***** DATA SUPPLIED *****
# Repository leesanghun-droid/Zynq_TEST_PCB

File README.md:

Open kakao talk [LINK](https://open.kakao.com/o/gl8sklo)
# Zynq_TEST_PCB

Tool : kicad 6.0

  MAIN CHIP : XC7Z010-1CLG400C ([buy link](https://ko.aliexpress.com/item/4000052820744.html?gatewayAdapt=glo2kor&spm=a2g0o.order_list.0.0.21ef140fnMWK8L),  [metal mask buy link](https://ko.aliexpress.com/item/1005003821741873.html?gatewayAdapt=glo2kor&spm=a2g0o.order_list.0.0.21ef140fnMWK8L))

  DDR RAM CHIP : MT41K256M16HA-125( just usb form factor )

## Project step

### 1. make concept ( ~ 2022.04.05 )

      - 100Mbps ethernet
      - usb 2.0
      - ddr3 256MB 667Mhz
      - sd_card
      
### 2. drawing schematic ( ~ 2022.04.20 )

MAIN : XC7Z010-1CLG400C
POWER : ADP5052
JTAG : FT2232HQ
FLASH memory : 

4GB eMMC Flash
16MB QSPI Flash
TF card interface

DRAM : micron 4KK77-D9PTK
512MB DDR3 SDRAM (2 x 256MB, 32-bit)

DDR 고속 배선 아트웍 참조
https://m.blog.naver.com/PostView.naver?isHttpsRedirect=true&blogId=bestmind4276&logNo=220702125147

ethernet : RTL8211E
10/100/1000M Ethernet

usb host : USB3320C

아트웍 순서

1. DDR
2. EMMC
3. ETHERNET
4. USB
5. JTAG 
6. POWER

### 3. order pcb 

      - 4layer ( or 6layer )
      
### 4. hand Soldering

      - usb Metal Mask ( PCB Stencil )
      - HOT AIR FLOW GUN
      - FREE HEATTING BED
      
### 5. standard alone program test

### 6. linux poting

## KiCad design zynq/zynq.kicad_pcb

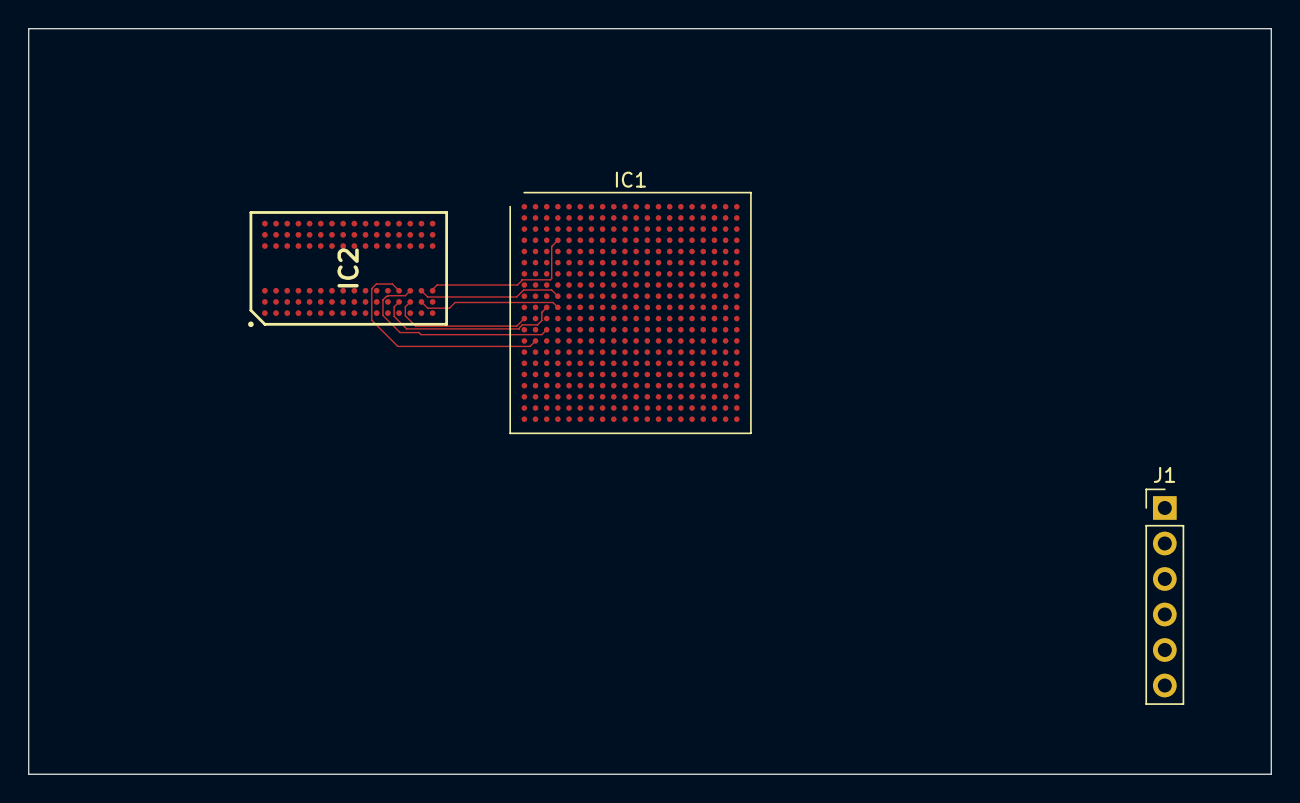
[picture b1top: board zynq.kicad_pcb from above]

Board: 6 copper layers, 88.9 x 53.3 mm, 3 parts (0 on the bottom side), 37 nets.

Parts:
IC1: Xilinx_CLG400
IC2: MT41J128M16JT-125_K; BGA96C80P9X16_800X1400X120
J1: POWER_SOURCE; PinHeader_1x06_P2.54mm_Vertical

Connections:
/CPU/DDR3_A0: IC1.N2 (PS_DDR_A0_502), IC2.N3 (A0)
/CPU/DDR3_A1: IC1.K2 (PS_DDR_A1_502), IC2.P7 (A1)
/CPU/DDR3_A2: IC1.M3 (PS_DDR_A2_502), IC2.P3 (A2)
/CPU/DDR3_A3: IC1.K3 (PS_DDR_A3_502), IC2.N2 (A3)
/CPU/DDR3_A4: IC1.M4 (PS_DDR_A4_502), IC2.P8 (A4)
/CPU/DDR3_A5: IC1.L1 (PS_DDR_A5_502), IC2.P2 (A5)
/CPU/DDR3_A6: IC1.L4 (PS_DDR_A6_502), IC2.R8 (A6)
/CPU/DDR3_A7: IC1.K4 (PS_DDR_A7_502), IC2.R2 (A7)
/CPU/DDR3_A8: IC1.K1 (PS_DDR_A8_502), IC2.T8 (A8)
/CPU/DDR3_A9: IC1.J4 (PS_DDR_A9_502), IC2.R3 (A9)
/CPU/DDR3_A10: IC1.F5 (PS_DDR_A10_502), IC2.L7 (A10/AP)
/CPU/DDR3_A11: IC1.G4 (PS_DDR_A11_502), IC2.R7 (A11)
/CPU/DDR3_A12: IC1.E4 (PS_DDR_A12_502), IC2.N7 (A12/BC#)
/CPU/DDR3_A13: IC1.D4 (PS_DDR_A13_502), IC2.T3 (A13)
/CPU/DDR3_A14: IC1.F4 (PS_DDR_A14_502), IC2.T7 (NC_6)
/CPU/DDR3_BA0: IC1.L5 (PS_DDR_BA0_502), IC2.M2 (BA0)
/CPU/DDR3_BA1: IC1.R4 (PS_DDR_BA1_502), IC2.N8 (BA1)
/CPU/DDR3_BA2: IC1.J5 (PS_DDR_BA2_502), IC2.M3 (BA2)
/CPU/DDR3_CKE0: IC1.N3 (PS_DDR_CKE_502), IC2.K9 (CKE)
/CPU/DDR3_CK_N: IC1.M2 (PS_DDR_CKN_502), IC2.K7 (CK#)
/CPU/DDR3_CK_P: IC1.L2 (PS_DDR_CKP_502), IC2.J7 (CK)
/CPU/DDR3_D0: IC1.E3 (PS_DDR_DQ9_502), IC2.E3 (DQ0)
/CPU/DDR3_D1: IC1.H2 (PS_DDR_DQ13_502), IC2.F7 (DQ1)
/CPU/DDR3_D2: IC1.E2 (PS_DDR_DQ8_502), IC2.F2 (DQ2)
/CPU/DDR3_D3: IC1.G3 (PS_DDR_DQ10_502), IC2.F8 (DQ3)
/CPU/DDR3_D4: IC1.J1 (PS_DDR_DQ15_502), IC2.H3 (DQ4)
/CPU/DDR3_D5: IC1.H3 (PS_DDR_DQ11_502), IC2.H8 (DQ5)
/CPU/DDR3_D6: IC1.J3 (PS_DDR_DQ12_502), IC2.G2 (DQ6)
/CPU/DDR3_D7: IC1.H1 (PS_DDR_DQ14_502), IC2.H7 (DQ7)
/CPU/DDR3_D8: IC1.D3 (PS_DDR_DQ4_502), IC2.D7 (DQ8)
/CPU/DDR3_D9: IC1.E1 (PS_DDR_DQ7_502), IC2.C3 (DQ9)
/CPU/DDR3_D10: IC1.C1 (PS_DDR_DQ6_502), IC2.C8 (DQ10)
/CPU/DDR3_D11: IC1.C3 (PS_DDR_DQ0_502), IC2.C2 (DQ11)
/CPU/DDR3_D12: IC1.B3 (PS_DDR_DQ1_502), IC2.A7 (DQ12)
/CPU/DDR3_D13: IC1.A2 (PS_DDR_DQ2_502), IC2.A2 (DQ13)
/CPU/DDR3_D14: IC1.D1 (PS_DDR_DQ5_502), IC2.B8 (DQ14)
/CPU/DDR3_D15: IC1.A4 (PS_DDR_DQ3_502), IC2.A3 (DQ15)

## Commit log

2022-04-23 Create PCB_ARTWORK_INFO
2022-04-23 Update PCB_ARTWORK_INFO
*****
■ **INSTRUCTIONS FOR THE TASK**:
Write down, word for word, the lines above from the one containing "# Zynq_TEST_PCB" through the one containing "### 1. make concept ( ~ 2022.04.05 )", both ends included.

■ **EXERCISE RESPONSE**:
# Zynq_TEST_PCB

Tool : kicad 6.0

  MAIN CHIP : XC7Z010-1CLG400C ([buy link](https://ko.aliexpress.com/item/4000052820744.html?gatewayAdapt=glo2kor&spm=a2g0o.order_list.0.0.21ef140fnMWK8L),  [metal mask buy link](https://ko.aliexpress.com/item/1005003821741873.html?gatewayAdapt=glo2kor&spm=a2g0o.order_list.0.0.21ef140fnMWK8L))

  DDR RAM CHIP : MT41K256M16HA-125( just usb form factor )

## Project step

### 1. make concept ( ~ 2022.04.05 )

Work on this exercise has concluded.